Здесь она не признает никаких резонов. Теща уверяет, что, ежели «человек интеллигентный не имел ничего общего с тем делом ни фактически, ни формально (под «тем делом» она в данном случае подразумевает нацистский режим), он должен был как-то ловчить». Наверное, она права; когда я начинаю с ней спорить и напоминаю, как погиб Ангел, теща говорит: «Ты прекрасно знаешь, что Ангел был не слишком интеллигентный, а может, наоборот, слишком интеллигентный»; и тут она права.
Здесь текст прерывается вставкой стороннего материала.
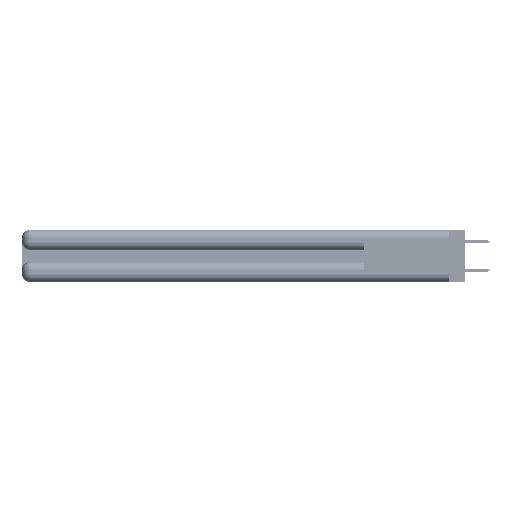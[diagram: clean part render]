
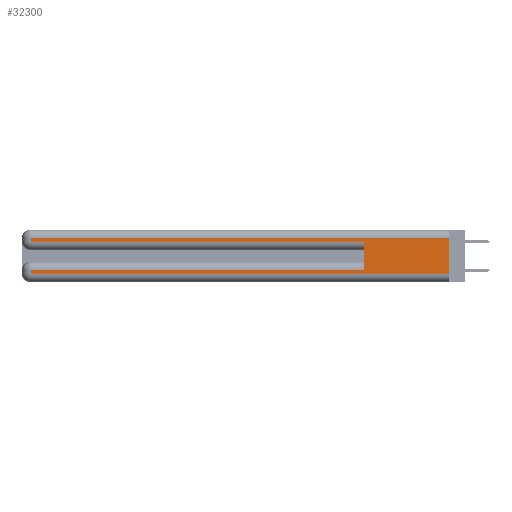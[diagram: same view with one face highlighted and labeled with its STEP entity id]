
A CAD part, left-side view. The second image highlights one B-rep face of the part: STEP entity #32300.
In plain terms, the highlighted planar face has unit normal (-1, 0, 0).
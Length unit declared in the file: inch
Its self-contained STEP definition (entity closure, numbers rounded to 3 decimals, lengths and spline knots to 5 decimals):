
#1112 = VERTEX_POINT ( 'NONE', #29459 ) ;
#3195 = LINE ( 'NONE', #19093, #48939 ) ;
#3565 = LINE ( 'NONE', #51278, #22855 ) ;
#6972 = EDGE_CURVE ( 'NONE', #1112, #25015, #12334, .T. ) ;
#8243 = EDGE_CURVE ( 'NONE', #41813, #36683, #39931, .T. ) ;
#9104 = DIRECTION ( 'NONE',  ( 0., -1., 0. ) ) ;
#10540 = EDGE_CURVE ( 'NONE', #28023, #12583, #33812, .T. ) ;
#10547 = EDGE_CURVE ( 'NONE', #40843, #51259, #3565, .T. ) ;
#11164 = DIRECTION ( 'NONE',  ( 0., 1., 0. ) ) ;
#11418 = ORIENTED_EDGE ( 'NONE', *, *, #40024, .T. ) ;
#12276 = LINE ( 'NONE', #25487, #48371 ) ;
#12334 = LINE ( 'NONE', #31150, #32949 ) ;
#12583 = VERTEX_POINT ( 'NONE', #32144 ) ;
#13485 = CARTESIAN_POINT ( 'NONE',  ( 0., 2.94, 0.06 ) ) ;
#14843 = CARTESIAN_POINT ( 'NONE',  ( 0., 0.6, 0.145 ) ) ;
#15118 = DIRECTION ( 'NONE',  ( 0., 0., -1. ) ) ;
#19093 = CARTESIAN_POINT ( 'NONE',  ( 0., 0., 0.085 ) ) ;
#20710 = AXIS2_PLACEMENT_3D ( 'NONE', #21184, #25299, #50356 ) ;
#20858 = CARTESIAN_POINT ( 'NONE',  ( 0., 2.94, 0.285 ) ) ;
#20923 = VECTOR ( 'NONE', #38040, 39.37008 ) ;
#20931 = FACE_OUTER_BOUND ( 'NONE', #53331, .T. ) ;
#21184 = CARTESIAN_POINT ( 'NONE',  ( 0., 0., 0.37 ) ) ;
#22855 = VECTOR ( 'NONE', #39218, 39.37008 ) ;
#23630 = ORIENTED_EDGE ( 'NONE', *, *, #36375, .T. ) ;
#23888 = EDGE_CURVE ( 'NONE', #1112, #41813, #31867, .T. ) ;
#24606 = CARTESIAN_POINT ( 'NONE',  ( 0., 0., 0.06 ) ) ;
#25015 = VERTEX_POINT ( 'NONE', #42078 ) ;
#25051 = VECTOR ( 'NONE', #40571, 39.37008 ) ;
#25299 = DIRECTION ( 'NONE',  ( 1., 0., 0. ) ) ;
#25487 = CARTESIAN_POINT ( 'NONE',  ( 0., 0., 0.285 ) ) ;
#26504 = ORIENTED_EDGE ( 'NONE', *, *, #10540, .F. ) ;
#26732 = EDGE_CURVE ( 'NONE', #51259, #25015, #41778, .T. ) ;
#26938 = DIRECTION ( 'NONE',  ( 0., 0., 1. ) ) ;
#28023 = VERTEX_POINT ( 'NONE', #32416 ) ;
#28100 = CARTESIAN_POINT ( 'NONE',  ( 0., 2.94, 0.37 ) ) ;
#29010 = CARTESIAN_POINT ( 'NONE',  ( 0., 2.94, 0.31 ) ) ;
#29459 = CARTESIAN_POINT ( 'NONE',  ( 0., 0., 0.31 ) ) ;
#29991 = PLANE ( 'NONE',  #20710 ) ;
#30429 = CARTESIAN_POINT ( 'NONE',  ( 0., 0., 0.31 ) ) ;
#31023 = ORIENTED_EDGE ( 'NONE', *, *, #26732, .T. ) ;
#31150 = CARTESIAN_POINT ( 'NONE',  ( 0., 0., 0.37 ) ) ;
#31526 = ORIENTED_EDGE ( 'NONE', *, *, #6972, .F. ) ;
#31867 = LINE ( 'NONE', #30429, #20923 ) ;
#32067 = VECTOR ( 'NONE', #48952, 39.37008 ) ;
#32144 = CARTESIAN_POINT ( 'NONE',  ( 0., 0.6, 0.285 ) ) ;
#32300 = ADVANCED_FACE ( 'NONE', ( #20931 ), #29991, .F. ) ;
#32347 = ORIENTED_EDGE ( 'NONE', *, *, #23888, .T. ) ;
#32416 = CARTESIAN_POINT ( 'NONE',  ( 0., 0.6, 0.085 ) ) ;
#32949 = VECTOR ( 'NONE', #15118, 39.37008 ) ;
#33812 = LINE ( 'NONE', #14843, #44806 ) ;
#36375 = EDGE_CURVE ( 'NONE', #28023, #40843, #3195, .T. ) ;
#36683 = VERTEX_POINT ( 'NONE', #20858 ) ;
#38040 = DIRECTION ( 'NONE',  ( 0., 1., 0. ) ) ;
#39218 = DIRECTION ( 'NONE',  ( 0., 0., -1. ) ) ;
#39931 = LINE ( 'NONE', #28100, #25051 ) ;
#40024 = EDGE_CURVE ( 'NONE', #36683, #12583, #12276, .T. ) ;
#40571 = DIRECTION ( 'NONE',  ( 0., 0., -1. ) ) ;
#40843 = VERTEX_POINT ( 'NONE', #50481 ) ;
#41778 = LINE ( 'NONE', #24606, #32067 ) ;
#41813 = VERTEX_POINT ( 'NONE', #29010 ) ;
#42078 = CARTESIAN_POINT ( 'NONE',  ( 0., 0., 0.06 ) ) ;
#42279 = ORIENTED_EDGE ( 'NONE', *, *, #8243, .T. ) ;
#44806 = VECTOR ( 'NONE', #26938, 39.37008 ) ;
#44904 = ORIENTED_EDGE ( 'NONE', *, *, #10547, .T. ) ;
#48371 = VECTOR ( 'NONE', #9104, 39.37008 ) ;
#48939 = VECTOR ( 'NONE', #11164, 39.37008 ) ;
#48952 = DIRECTION ( 'NONE',  ( 0., -1., 0. ) ) ;
#50356 = DIRECTION ( 'NONE',  ( 0., 0., -1. ) ) ;
#50481 = CARTESIAN_POINT ( 'NONE',  ( 0., 2.94, 0.085 ) ) ;
#51259 = VERTEX_POINT ( 'NONE', #13485 ) ;
#51278 = CARTESIAN_POINT ( 'NONE',  ( 0., 2.94, 0.37 ) ) ;
#53331 = EDGE_LOOP ( 'NONE', ( #31526, #32347, #42279, #11418, #26504, #23630, #44904, #31023 ) ) ;
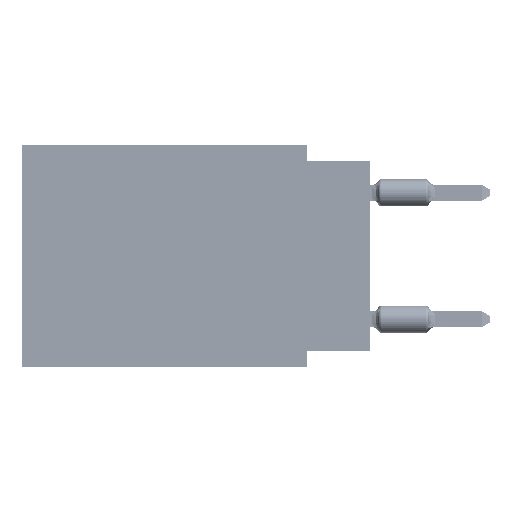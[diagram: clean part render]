
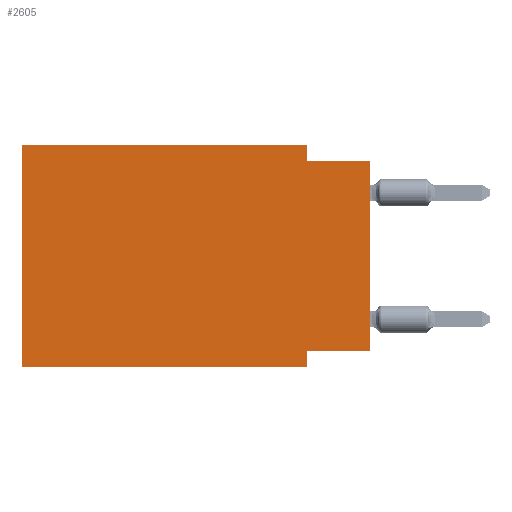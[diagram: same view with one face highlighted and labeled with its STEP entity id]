
A CAD part, left-side view. The second image highlights one B-rep face of the part: STEP entity #2605.
In plain terms, the highlighted planar face has unit normal (-1, 0, 0).
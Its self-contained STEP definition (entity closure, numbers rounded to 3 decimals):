
#426 = LINE ( 'NONE', #57246, #10804 ) ;
#1411 = ORIENTED_EDGE ( 'NONE', *, *, #46097, .F. ) ;
#2605 = ADVANCED_FACE ( 'NONE', ( #30433 ), #25722, .F. ) ;
#3043 = EDGE_CURVE ( 'NONE', #26202, #23078, #17483, .T. ) ;
#6856 = EDGE_CURVE ( 'NONE', #44678, #13129, #14527, .T. ) ;
#10655 = LINE ( 'NONE', #24699, #14334 ) ;
#10804 = VECTOR ( 'NONE', #43178, 1000. ) ;
#12487 = DIRECTION ( 'NONE',  ( 0., -1., 0. ) ) ;
#12929 = LINE ( 'NONE', #26066, #41188 ) ;
#13129 = VERTEX_POINT ( 'NONE', #49657 ) ;
#14241 = CARTESIAN_POINT ( 'NONE',  ( 0., 2.54, -0.635 ) ) ;
#14334 = VECTOR ( 'NONE', #34679, 1000. ) ;
#14527 = LINE ( 'NONE', #56056, #20309 ) ;
#17483 = LINE ( 'NONE', #32137, #44723 ) ;
#18924 = CARTESIAN_POINT ( 'NONE',  ( 0., 13.97, 0. ) ) ;
#20309 = VECTOR ( 'NONE', #41982, 1000. ) ;
#20555 = CARTESIAN_POINT ( 'NONE',  ( 0., 2.54, -8.89 ) ) ;
#22082 = VECTOR ( 'NONE', #31061, 1000. ) ;
#23078 = VERTEX_POINT ( 'NONE', #20555 ) ;
#23688 = EDGE_CURVE ( 'NONE', #13129, #52349, #59477, .T. ) ;
#24699 = CARTESIAN_POINT ( 'NONE',  ( 0., 0., 0. ) ) ;
#24920 = CARTESIAN_POINT ( 'NONE',  ( 0., 13.97, 0. ) ) ;
#25722 = PLANE ( 'NONE',  #50125 ) ;
#26066 = CARTESIAN_POINT ( 'NONE',  ( 0., 2.54, -8.89 ) ) ;
#26202 = VERTEX_POINT ( 'NONE', #37062 ) ;
#27254 = VECTOR ( 'NONE', #61697, 1000. ) ;
#28068 = LINE ( 'NONE', #52106, #59864 ) ;
#28915 = LINE ( 'NONE', #18924, #27254 ) ;
#29995 = EDGE_CURVE ( 'NONE', #55369, #46451, #10655, .T. ) ;
#30433 = FACE_OUTER_BOUND ( 'NONE', #59432, .T. ) ;
#31061 = DIRECTION ( 'NONE',  ( 0., 0., -1. ) ) ;
#32137 = CARTESIAN_POINT ( 'NONE',  ( 0., 13.97, -8.89 ) ) ;
#32706 = ORIENTED_EDGE ( 'NONE', *, *, #44882, .F. ) ;
#32989 = VERTEX_POINT ( 'NONE', #52696 ) ;
#34679 = DIRECTION ( 'NONE',  ( 0., 0., 1. ) ) ;
#35048 = CARTESIAN_POINT ( 'NONE',  ( 0., 0., -8.255 ) ) ;
#35105 = DIRECTION ( 'NONE',  ( 0., 0., -1. ) ) ;
#37062 = CARTESIAN_POINT ( 'NONE',  ( 0., 13.97, -8.89 ) ) ;
#37529 = ORIENTED_EDGE ( 'NONE', *, *, #6856, .F. ) ;
#37694 = ORIENTED_EDGE ( 'NONE', *, *, #55129, .F. ) ;
#40541 = ORIENTED_EDGE ( 'NONE', *, *, #23688, .F. ) ;
#41188 = VECTOR ( 'NONE', #45103, 1000. ) ;
#41982 = DIRECTION ( 'NONE',  ( 0., -1., 0. ) ) ;
#42424 = DIRECTION ( 'NONE',  ( 0., -1., 0. ) ) ;
#43178 = DIRECTION ( 'NONE',  ( 0., 1., 0. ) ) ;
#43928 = EDGE_CURVE ( 'NONE', #32989, #23078, #12929, .T. ) ;
#44156 = ORIENTED_EDGE ( 'NONE', *, *, #29995, .T. ) ;
#44678 = VERTEX_POINT ( 'NONE', #24920 ) ;
#44723 = VECTOR ( 'NONE', #12487, 1000. ) ;
#44882 = EDGE_CURVE ( 'NONE', #26202, #44678, #28915, .T. ) ;
#45103 = DIRECTION ( 'NONE',  ( 0., 0., -1. ) ) ;
#46097 = EDGE_CURVE ( 'NONE', #52349, #46451, #28068, .T. ) ;
#46451 = VERTEX_POINT ( 'NONE', #47879 ) ;
#47879 = CARTESIAN_POINT ( 'NONE',  ( 0., 0., -0.635 ) ) ;
#49154 = CARTESIAN_POINT ( 'NONE',  ( 0., 13.97, 0. ) ) ;
#49657 = CARTESIAN_POINT ( 'NONE',  ( 0., 2.54, 0. ) ) ;
#50125 = AXIS2_PLACEMENT_3D ( 'NONE', #49154, #54450, #35105 ) ;
#50896 = ORIENTED_EDGE ( 'NONE', *, *, #3043, .T. ) ;
#51017 = CARTESIAN_POINT ( 'NONE',  ( 0., 2.54, 0. ) ) ;
#52106 = CARTESIAN_POINT ( 'NONE',  ( 0., 0., -0.635 ) ) ;
#52349 = VERTEX_POINT ( 'NONE', #14241 ) ;
#52696 = CARTESIAN_POINT ( 'NONE',  ( 0., 2.54, -8.255 ) ) ;
#54450 = DIRECTION ( 'NONE',  ( 1., 0., 0. ) ) ;
#55129 = EDGE_CURVE ( 'NONE', #55369, #32989, #426, .T. ) ;
#55369 = VERTEX_POINT ( 'NONE', #35048 ) ;
#55822 = ORIENTED_EDGE ( 'NONE', *, *, #43928, .F. ) ;
#56056 = CARTESIAN_POINT ( 'NONE',  ( 0., 13.97, 0. ) ) ;
#57246 = CARTESIAN_POINT ( 'NONE',  ( 0., 0., -8.255 ) ) ;
#59432 = EDGE_LOOP ( 'NONE', ( #44156, #1411, #40541, #37529, #32706, #50896, #55822, #37694 ) ) ;
#59477 = LINE ( 'NONE', #51017, #22082 ) ;
#59864 = VECTOR ( 'NONE', #42424, 1000. ) ;
#61697 = DIRECTION ( 'NONE',  ( 0., 0., 1. ) ) ;

Сам не пойму, как я разрешил в себя стрелять настоящими пулями и даже допустил, чтобы в меня попали. Ведь я был освобожден от стрельбы; почему же я находился там, где стреляли, сам не сделав ни одного выстрела? В моем сознании и на моей совести это темное пятно. Наверное, мне просто надоел Шопен, а может, я устал от Запада и стремился душою на Восток; не знаю точно, что со мной было, не знаю, что заставило меня пренебречь медицинской справкой, выданной главным офтальмологом армейской группы «Запад». Гильдегард писала тогда, что она меня понимает, но сам я себя не понимал… Теща вполне права, характеризуя мою тогдашнюю позицию словами «вел себя, как идиот». Все это так запутано и темно, что разрешаю каждому, кто пожелает, обмакнув кусок ваты в черную тушь, посадить здоровую кляксу в том месте альбома «Раскрась сам», где должно обретаться мое сознание. Как бы то ни было я с самого начала распрощался с мыслью о дезертирстве: у меня не было желания менять мою тогдашнюю тюрьму на какую-либо другую.
– Ну, а что играют на рояле русские? – спросила меня теща, когда я приехал на побывку.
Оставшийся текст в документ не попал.